Bob Dylan, close to 81, long ago secured his place as a legendary cultural force. And he continues to do things his way, even if that means disappointing some fans, as he did in Little Rock Monday night.
I know — a good friend years ago threw up his hands about Dylan’s lack of interest in performing his songs the ways he had always heard them. Give the man the right to change his songs if he wants to, I said to unhearing ears.
Dylan played to a sold-out crowd at Robinson Center, the site of his first Arkansas concert in 1992. This, his third time at Robinson, was in support of “Rough and Rowdy Ways,” his 39th studio album, released in June 2020. He played nine of that album’s 10 songs, omitting only “Murder Most Foul” (which at nearly 17 minutes, is his longest song ever).

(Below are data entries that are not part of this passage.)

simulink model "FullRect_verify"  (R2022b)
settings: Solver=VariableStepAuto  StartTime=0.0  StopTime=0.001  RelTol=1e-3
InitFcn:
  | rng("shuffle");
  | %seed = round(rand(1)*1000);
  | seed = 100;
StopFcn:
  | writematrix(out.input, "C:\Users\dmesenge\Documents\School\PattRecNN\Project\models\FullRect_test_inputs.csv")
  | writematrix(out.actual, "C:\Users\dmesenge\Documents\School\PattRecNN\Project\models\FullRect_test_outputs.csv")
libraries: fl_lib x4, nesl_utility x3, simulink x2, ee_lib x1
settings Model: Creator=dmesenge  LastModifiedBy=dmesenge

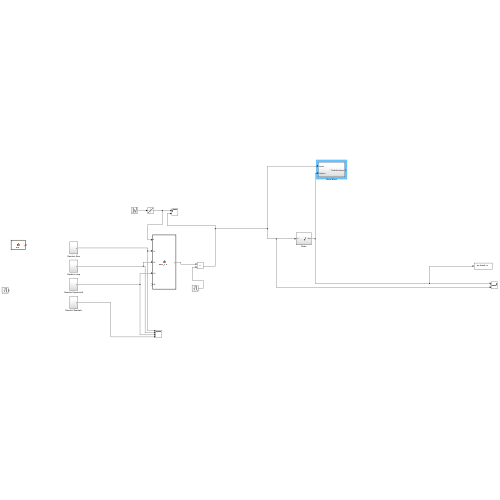
[thumbnail: Simulink's stored preview of the top-level diagram]
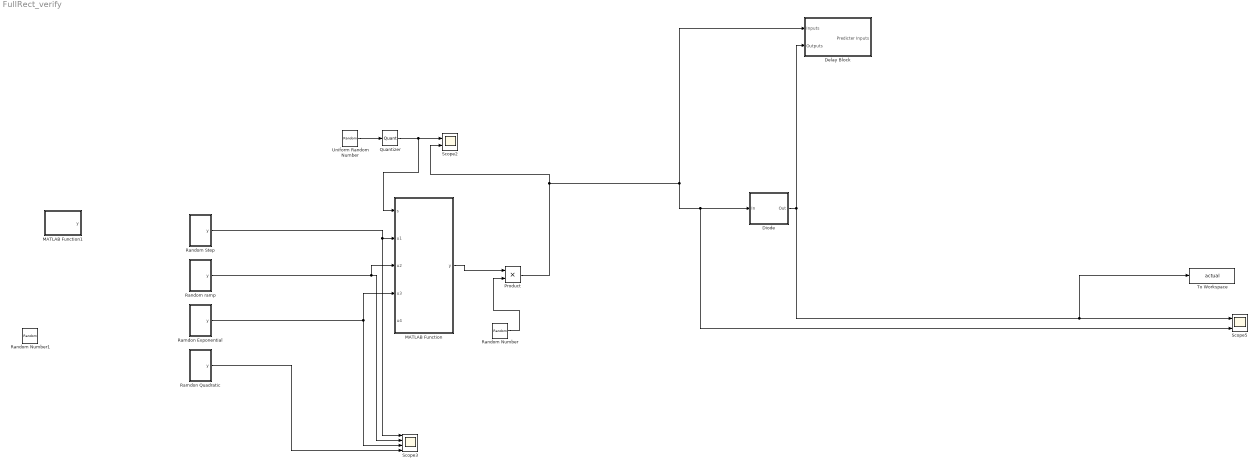
== system FullRect_verify ==
  Delay Block : Subsystem
  Diode : Subsystem
  MATLAB Function : MATLAB Function  TreatAsAtomicUnit=on
  MATLAB Function1 : MATLAB Function  TreatAsAtomicUnit=on
  Product : Product
  Quantizer : Quantizer  QuantizationInterval=1
  Ramdon Exponential : Subsystem
  Ramdon Quadratic : Subsystem
  Random Number : RandomNumber  SampleTime=0.0001
  Random Number1 : RandomNumber  SampleTime=0.00000001
  Random Step : Subsystem
  Random ramp : Subsystem
  Scope2 : Scope  NumInputPorts=2
  Scope3 : Scope  NumInputPorts=4
  Scope5 : Scope  NumInputPorts=3
  To Workspace : ToWorkspace  VariableName=actual  SampleTime=-1
  Uniform Random Number : UniformRandomNumber  Minimum=1  Maximum=4  SampleTime=0.00001
  wires:
  Quantizer/1 -> MATLAB Function/1(s), Scope2/1
  Ramdon Quadratic/1(y) -> Scope3/4
  Random Number/1 -> Product/2
  Random Step/1(y) -> Scope3/1, MATLAB Function/2(u1)
  Ramdon Exponential/1(y) -> Scope3/3, MATLAB Function/4(u3)
  MATLAB Function/1(y) -> Product/1
  Random ramp/1(y) -> MATLAB Function/3(u2), Scope3/2
  Uniform Random Number/1 -> Quantizer/1
  Product/1 -> Delay Block/1(Inputs), Diode/1(In), Scope5/3, Scope2/2
  Diode/1(Out) -> Delay Block/2(Outputs), To Workspace/1, Scope5/1

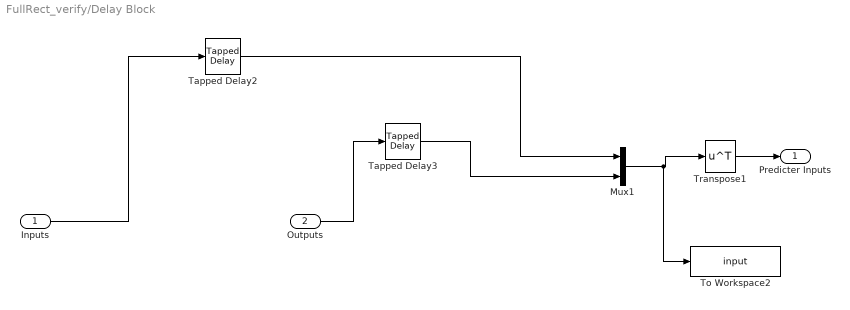
== system FullRect_verify/Delay Block ==
  Inputs : Inport
  Outputs : Inport  Port=2
  Mux1 : Mux  Inputs=2
  Tapped Delay2 : simulink/Discrete/Tapped Delay  vinit=0.0  samptime=-1  NumDelays=9  DelayOrder=Newest  includeCurrent=on
  Tapped Delay3 : simulink/Discrete/Tapped Delay  vinit=0.0  samptime=-1  NumDelays=9  DelayOrder=Newest  includeCurrent=on
  To Workspace2 : ToWorkspace  VariableName=input  SampleTime=-1
  Transpose1 : Math  Operator=transpose
  Predicter Inputs : Outport
  wires:
  Mux1/1 -> To Workspace2/1, Transpose1/1
  Tapped Delay2/1 -> Mux1/1
  Inputs/1 -> Tapped Delay2/1
  Tapped Delay3/1 -> Mux1/2
  Outputs/1 -> Tapped Delay3/1
  Transpose1/1 -> Predicter Inputs/1

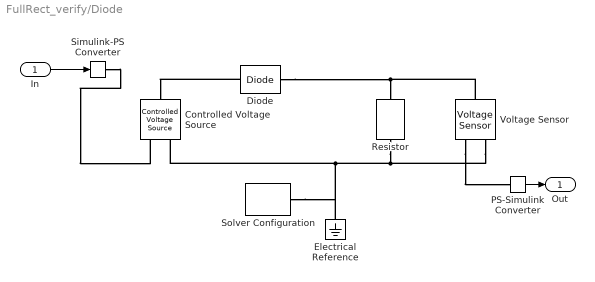
== system FullRect_verify/Diode ==
  In : Inport
  Controlled Voltage Source : fl_lib/Electrical/Electrical Sources/Controlled Voltage Source
  Diode : ee_lib/Semiconductors & Converters/Diode  ModelType=ee.enum.diode.modelType.pwl  TableType=ee.enum.diode.tableType.IfMat  IfMat=[.07, .12, .19, 1.75, 4.24, 7.32, 11.2; .16, .3, .72, 2.14, 5.02, 8.35, 13.12] A  VfMat=[.9, 1.15, 1.25, 1.5, 1.75, 2.17, 2.6, 2.85; .58, .68, .75, 1.1, 1.38, 1.77, 2.27, 2.7] V  TjVec=[25, 125] degC  VfVec=[.5, .7, .9, 1.3, 1.7, 2.1, 2.5] V  IfVec=[.1, .2, .5, 1, 2, 4, 7, 10] A  Vf=0.6 V  Ron=0.3 Ohm  Goff=1e-8 S  prmExp=ee.enum.diode.expParam.useTwo  I12=[.0137, .545] A  V12=[.6, .7] V  RS=0 Ohm  Tmeas=25 degC  IS=1e-12 A  ec=1  I1=0.0137 A  V1=0.6 V  N_series=1  N_parallel=1  Rz=0.3 Ohm  BV=inf V  C_param=ee.enum.diode.capParam.fixed  CJ=0 pF  CJ0=5 pF  Vvec=[.1, 10, 100] V  Cvec=[3.5, 1, .4] pF  VJ=1 V  Mgrad=0.5  FC=0.5  Q_param=ee.enum.diode.recoveryParam.off  iRM=-7.15 A  iF=4 A  didt=-750 A/us  trr_factor=3  trr=115 ns  Qrr=150 nA*s  Vr=-600 V  Ls=150 nH  Erec=0.03 J  TT=50 ns  tau=100 ns  T_param=ee.enum.diode.temperatureParam.off  Tdevice=25 degC  I1_T2=0.245 A  V1_T2=0.5 V  IS_T2=1.25e-7 A  Tmeas2=125 degC  XTI_param=ee.enum.diode.xtiParam.pn  XTI=3  EG_param=ee.enum.diode.egapParam.material_si  EG=1.11 eV  dBVdT=0 V/K  enable_faults=simscape.enum.onoff.off  fault_action=simscape.enum.assert.action.none  fault_types=ee.enum.diode.faults.open  tau_fault=1e-3 s  IfMat_faulted=[.07, .12, .19, 1.75, 4.24, 7.32, 11.2; .16, .3, .72, 2.14, 4.02, 6.35, 9.12] A  VfMat_faulted=[.9, 1.15, 1.25, 1.5, 1.75, 2.17, 2.6, 2.85; .58, .68, .75, 1.1, 1.38, 1.77, 2.27, 2.7] V  VfVec_faulted=[.5, .7, .9, 1.3, 1.7, 2.1, 2.5] V  IfVec_faulted=[.1, .2, .5, 1, 2, 4, 7, 10] A  Ropen_faulted=1000 Ohm  Gshort_faulted=1000 1/Ohm  Vf_faulted=0.6 V  Ron_faulted=0.3 Ohm  Goff_faulted=1e-8 S  I12_faulted=[.0137, .545] A  V12_faulted=[.6, .7] V  IS_faulted=1e-12 A  ec_faulted=1  I1_faulted=0.0137 A  V1_faulted=0.6 V  RS_faulted=0 Ohm  Rz_faulted=0.3 Ohm  BV_faulted=inf V  Cscale_faulted=100  enable_temporal_fault=simscape.enum.onoff.off  t_fault=inf s  enable_behavioral_fault=simscape.enum.onoff.off  max_permissible_voltage=inf V  n_fail_on_voltage=1  max_permissible_current=inf A  t_fail_on_current=1 s  max_permissible_dVdt=inf V/s  enable_fault_input=simscape.enum.onoff.off  i_specify=off  i_priority=None  i=0 A  i_nominal_specify=off  i_nominal_unit=A  i_nominal_value=1  v_specify=off  v_priority=None  v=0 V  v_nominal_specify=off  v_nominal_unit=V  v_nominal_value=1  v_capacitor_specify=off  v_capacitor_priority=None  v_capacitor=0 V  v_capacitor_nominal_specify=off  v_capacitor_nominal_unit=V  v_capacitor_nominal_value=1  i_diode_specify=off  i_diode_priority=None  i_diode=0 A  i_diode_nominal_specify=off  i_diode_nominal_unit=A  i_diode_nominal_value=1  v_diode_specify=off  v_diode_priority=None  v_diode=0 V  v_diode_nominal_specify=off  v_diode_nominal_unit=V  v_diode_nominal_value=1  i_capacitor_specify=off  i_capacitor_priority=None  i_capacitor=0 A  i_capacitor_nominal_specify=off  i_capacitor_nominal_unit=A  i_capacitor_nominal_value=1  power_dissipated_specify=off  power_dissipated_priority=None  power_dissipated=0 W  power_dissipated_nominal_specify=off  power_dissipated_nominal_unit=W  power_dissipated_nominal_value=1  fidelity_level=ee.enum.diode.fidelity.includeChargeDyn  rec_loss_model=ee.enum.diode.reverseRecoveryModel.fixed  ErecVal=0 J  ErecMat=zeros(2, 3) J  TjrecVec=[298.15, 398.15] K  IfrecVec=[.1, 1, 10] A  VrecVal=10 V  tFilter=1 / 1000 / 100 s  max_permissible_temperature=inf K  t_fail_on_temperature=1 s  thermal_network_parameterization=ee.enum.thermalNetworkTopology.junctionCase  Rth=[0, 10] K/W  Rth_Cauer=[1, 3, 10] K/W  Rth_Foster=[4, 6] K/W  thermal_mass_parameterization=ee.enum.thermalNetwork.timeconstant  thermal_mass=[0, 1] J/K  thermal_mass_Cauer=[.1, .3, 1] J/K  thermal_mass_Foster=[1.5, 3] J/K  thermal_time_constant=[0, 10] s  thermal_time_constant_Cauer=[1, 3, 10] s  thermal_time_constant_Foster=[6, 18] s  thermal_mass_initial_temperatures=[25, 25] degC  thermal_mass_initial_temperatures_Cauer=[25, 25, 25] degC  junction_thermal_mass=0.01 J/K  Tvec_initial_Foster=[25, 25, 25, 25] degC  no_thermal_network=0  junction_temperature_specify=off  junction_temperature_priority=None  junction_temperature=25 degC  junction_temperature_nominal_specify=off  junction_temperature_nominal_unit=degC  junction_temperature_nominal_value=1
  Electrical Reference : fl_lib/Electrical/Electrical Elements/Electrical Reference
  PS-Simulink Converter : nesl_utility/PS-Simulink Converter  PhysicalDomain=network_engine_domain  SubClassName=ps_output  LeftPortType=input  RightPortType=output  PseudoPeriodic=off  Frequencies=[]  VectorFormat=inherit  Unit=inherit  AffineConversion=off
  Resistor : fl_lib/Electrical/Electrical Elements/Resistor  R=10000 Ohm  i_specify=off  i_priority=None  i=0 A  i_nominal_specify=off  i_nominal_unit=A  i_nominal_value=1  v_specify=off  v_priority=None  v=0 V  v_nominal_specify=off  v_nominal_unit=V  v_nominal_value=1
  Simulink-PS Converter : nesl_utility/Simulink-PS Converter  PhysicalDomain=network_engine_domain  SubClassName=ps_input  LeftPortType=input  RightPortType=output  PseudoPeriodic=off  Frequencies=[]  NoiseDistribution=none  NoiseParameters=[]  Unit=1  AffineConversion=off  FilteringAndDerivatives=provide  SimscapeFilterOrder=1  InputFilterTimeConstant=0.001  UdotUserProvided=0
  Solver Configuration : nesl_utility/Solver Configuration  PhysicalDomain=network_engine_domain  SubClassName=solver  LeftPortType=input  RightPortType=generic  Tones=[]  Harmonics=[]  SimulateNoise=off  Profile=off  UseLocalSampling=off  EnableSwitchedLinearOptims=on  FrequencyDomain=off  UseCCode=off  RelTol=0.001  AbsTol=0.001  MinStep=1e-09  ToWorkspace=off  RevertToSquareIcSolve=off  NumHomotopyIterations=100  PhasorMode=off  PhasorModeNumHarmonics=1  ConsistencySolver=NEWTON_XTOL_AFTER_FTOL  IndexReductionMethod=DerivativeReplacement  DoDC=off  ResidualTolerance=1e-09  ConsistencyTolSource=GLOBAL  ConsistencyAbsTol=0.001  ConsistencyRelTol=0.001  ConsistencyTolFactor=0.001  UseLocalSolver=off  LocalSolverChoice=NE_BACKWARD_EULER_ADVANCER  ResolveIndetEquations=on  FunctionEvalNumThread=1  LocalSolverSampleTime=0.001  DoFixedCost=off  MaxNonlinIter=3  MaxModeIter=2  ComputeImpulses=off  ImpulseIterations=2  LinearAlgebra=auto  LinearAlgebraNumThread=0  EquationFormulation=NE_TIME_EF  DelaysMemoryBudget=1024  AutomaticFiltering=on  FilteringTimeConstant=0.001  PartitionStorageMethod=AS_NEEDED  PartitionMemoryBudget=1024  PartitionMethod=ROBUST
  Voltage Sensor : fl_lib/Electrical/Electrical Sensors/Voltage Sensor
  Out : Outport
  wires:
  In/1 -> Simulink-PS Converter/1
  PS-Simulink Converter/1 -> Out/1
  connections:
  Voltage Sensor/RConn2 -- Resistor/RConn1 -- Solver Configuration/RConn1 -- Electrical Reference/LConn1 -- Controlled Voltage Source/RConn2
  Diode/LConn1 -- Controlled Voltage Source/LConn1
  Voltage Sensor/RConn1 -- PS-Simulink Converter/LConn1
  Simulink-PS Converter/RConn1 -- Controlled Voltage Source/RConn1
  Diode/RConn1 -- Voltage Sensor/LConn1 -- Resistor/LConn1

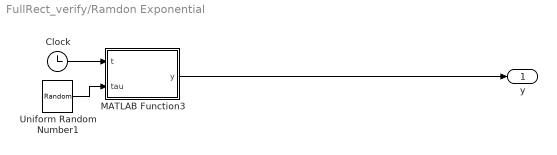
== system FullRect_verify/Ramdon Exponential ==
  Clock : Clock
  MATLAB Function3 : MATLAB Function  TreatAsAtomicUnit=on
  Uniform Random Number1 : UniformRandomNumber  Minimum=-1000  Maximum=1000  Seed=seed  SampleTime=0.00001
  y : Outport
  wires:
  Clock/1 -> MATLAB Function3/1(t)
  Uniform Random Number1/1 -> MATLAB Function3/2(tau)
  MATLAB Function3/1(y) -> y/1

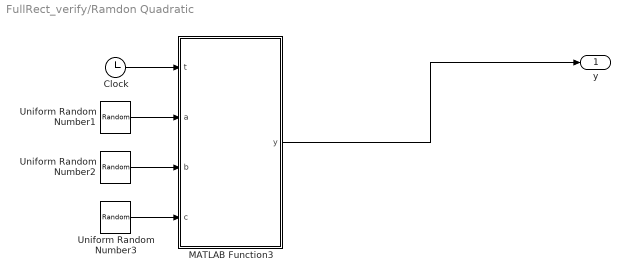
== system FullRect_verify/Ramdon Quadratic ==
  Clock : Clock
  MATLAB Function3 : MATLAB Function  TreatAsAtomicUnit=on
  Uniform Random Number1 : UniformRandomNumber  Minimum=-10  Maximum=10  Seed=seed  SampleTime=0.00001
  Uniform Random Number2 : UniformRandomNumber  Minimum=-100  Maximum=100  Seed=seed  SampleTime=0.00001
  Uniform Random Number3 : UniformRandomNumber  Minimum=-1000  Maximum=1000  Seed=seed  SampleTime=0.00001
  y : Outport
  wires:
  Clock/1 -> MATLAB Function3/1(t)
  Uniform Random Number1/1 -> MATLAB Function3/2(a)
  MATLAB Function3/1(y) -> y/1
  Uniform Random Number3/1 -> MATLAB Function3/4(c)
  Uniform Random Number2/1 -> MATLAB Function3/3(b)

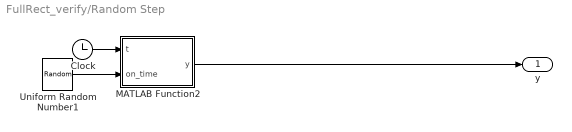
== system FullRect_verify/Random Step ==
  Clock : Clock
  MATLAB Function2 : MATLAB Function  TreatAsAtomicUnit=on
  Uniform Random Number1 : UniformRandomNumber  Minimum=0  Maximum=0.001  Seed=seed  SampleTime=0.00001
  y : Outport
  wires:
  Uniform Random Number1/1 -> MATLAB Function2/2(on_time)
  Clock/1 -> MATLAB Function2/1(t)
  MATLAB Function2/1(y) -> y/1

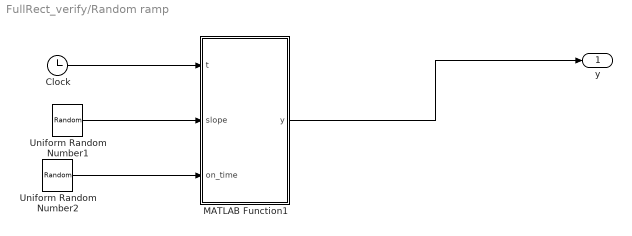
== system FullRect_verify/Random ramp ==
  Clock : Clock
  MATLAB Function1 : MATLAB Function  TreatAsAtomicUnit=on
  Uniform Random Number1 : UniformRandomNumber  Minimum=-10000  Maximum=10000  Seed=seed  SampleTime=0.00001
  Uniform Random Number2 : UniformRandomNumber  Minimum=0  Maximum=0.001  Seed=seed  SampleTime=0.00001
  y : Outport
  wires:
  Uniform Random Number2/1 -> MATLAB Function1/3(on_time)
  Clock/1 -> MATLAB Function1/1(t)
  Uniform Random Number1/1 -> MATLAB Function1/2(slope)
  MATLAB Function1/1(y) -> y/1

== matlab function FullRect_verify/Random ramp/MATLAB Function1 ==
  settings: updateMethod=DISCRETE
  data: t input; y output; slope input; on_time input
function y = rand_ramp(t, slope, on_time)
    %random slope
%     min = -100;
%     max = 100;
%     slope = min+rand()*(max-min);
% 
%     %random on time
%     min = 0;
%     max = 0.001;
%     on_time = min+rand()*(max-min);

    if t < on_time
        r = 0;
    else
        r = slope*t;
    end

y = r;

== matlab function FullRect_verify/MATLAB Function ==
  data: s input; u1 input; y output; u2 input; u3 input; u4 input
function y = mux_4to1(s, u1, u2, u3, u4)
    switch s
       case 1
          r = u1;
       case 2
          r = u2;
       case 3
          r = u3;
       case 4
          r = u4;
       otherwise
          r = u1;
    end

y = r;

== matlab function FullRect_verify/Random Step/MATLAB Function2 ==
  settings: updateMethod=DISCRETE
  data: t input; y output; on_time input
function y = rand_step(t, on_time)

    %random on time
%     min = 0;
%     max = 0.001;
%     on_time = min+rand()*(max-min);

    if t < on_time
        r = 0;
    else
        r = 1;
    end

y = r;

== matlab function FullRect_verify/Ramdon Exponential/MATLAB Function3 ==
  settings: updateMethod=DISCRETE
  data: t input; y output; tau input
function y = rand_exp(t, tau)
    r = exp(t*tau);

y = r;

== matlab function FullRect_verify/Ramdon Quadratic/MATLAB Function3 ==
  settings: updateMethod=DISCRETE
  data: t input; y output; a input; b input; c input
function y = rand_exp(t, a, b, c)
    r = a*t*t + b*t + c;

y = r;

== matlab function FullRect_verify/MATLAB Function1 ==
  data: y output
function y = fcn()
seed = rand(1);
y = rand(1);

The show opened with a chaotic version of “Watching the River Flow,” then veered into the hard-rocking anthem, “Most Likely You Go Your Way and I’ll Go Mine,” possibly what he'd say to those who criticize his choice of songs and how he now chooses to interpret them.
From there he and the band delivered the first two songs from the album — “I Contain Multitudes” and “False Prophet.” After that, he alternated new with old.
“When I Paint My Masterpiece,” also made famous by The Band, was masterful; it was followed by the surprisingly blunt “Black Rider.”
One of his earliest ventures into country music, “I’ll Be Your Baby Tonight,” was sweetly re-interpreted, followed by “My Own Version of You,” a sort of musical Frankenstein creation. “Crossing the Rubicon,” another upbeat new song, was followed by the fetching oldie “To Be Alone with You.”
Then came a powerful pair: the new and gripping and my favorite, “Key West (Philosopher Pirate),” enhanced by the accordion of Donnie Herron, and “Gotta Serve Somebody,” the show's most raucous song, from Dylan’s Christian music era. Another romantic new song, “I’ve Made Up My Mind to Give Myself to You,” preceded the show's only cover, “Melancholy Mood,” a 1939 non-hit recorded by Frank Sinatra. He followed it with “Mother of Muses” and a wild “Goodbye Jimmy Reed.”
Dylan did not play guitar; he was seated at a piano, facing his fans, and did walk offstage a couple of times, perhaps to bask in the adulation of the crowd. For most of the show, only his face was visible.
Band introductions (not always Dylan’s thing; bassist Tony Garnier has been with him for decades) came before the final song, “Every Grain of Sand,” one of Dylan’s greatest compositions. There was neither an encore after a nearly two-hour show, nor an opening act, nor an intermission, or acknowledgement of fans’ shouted requests.
The set was nothing more than the band set up in front of the curtain, with lighting occasionally accenting a mood. Back to the basics, you might say.
And my friend, the one who gave up on Dylan years ago? He wasn’t there, but his son was.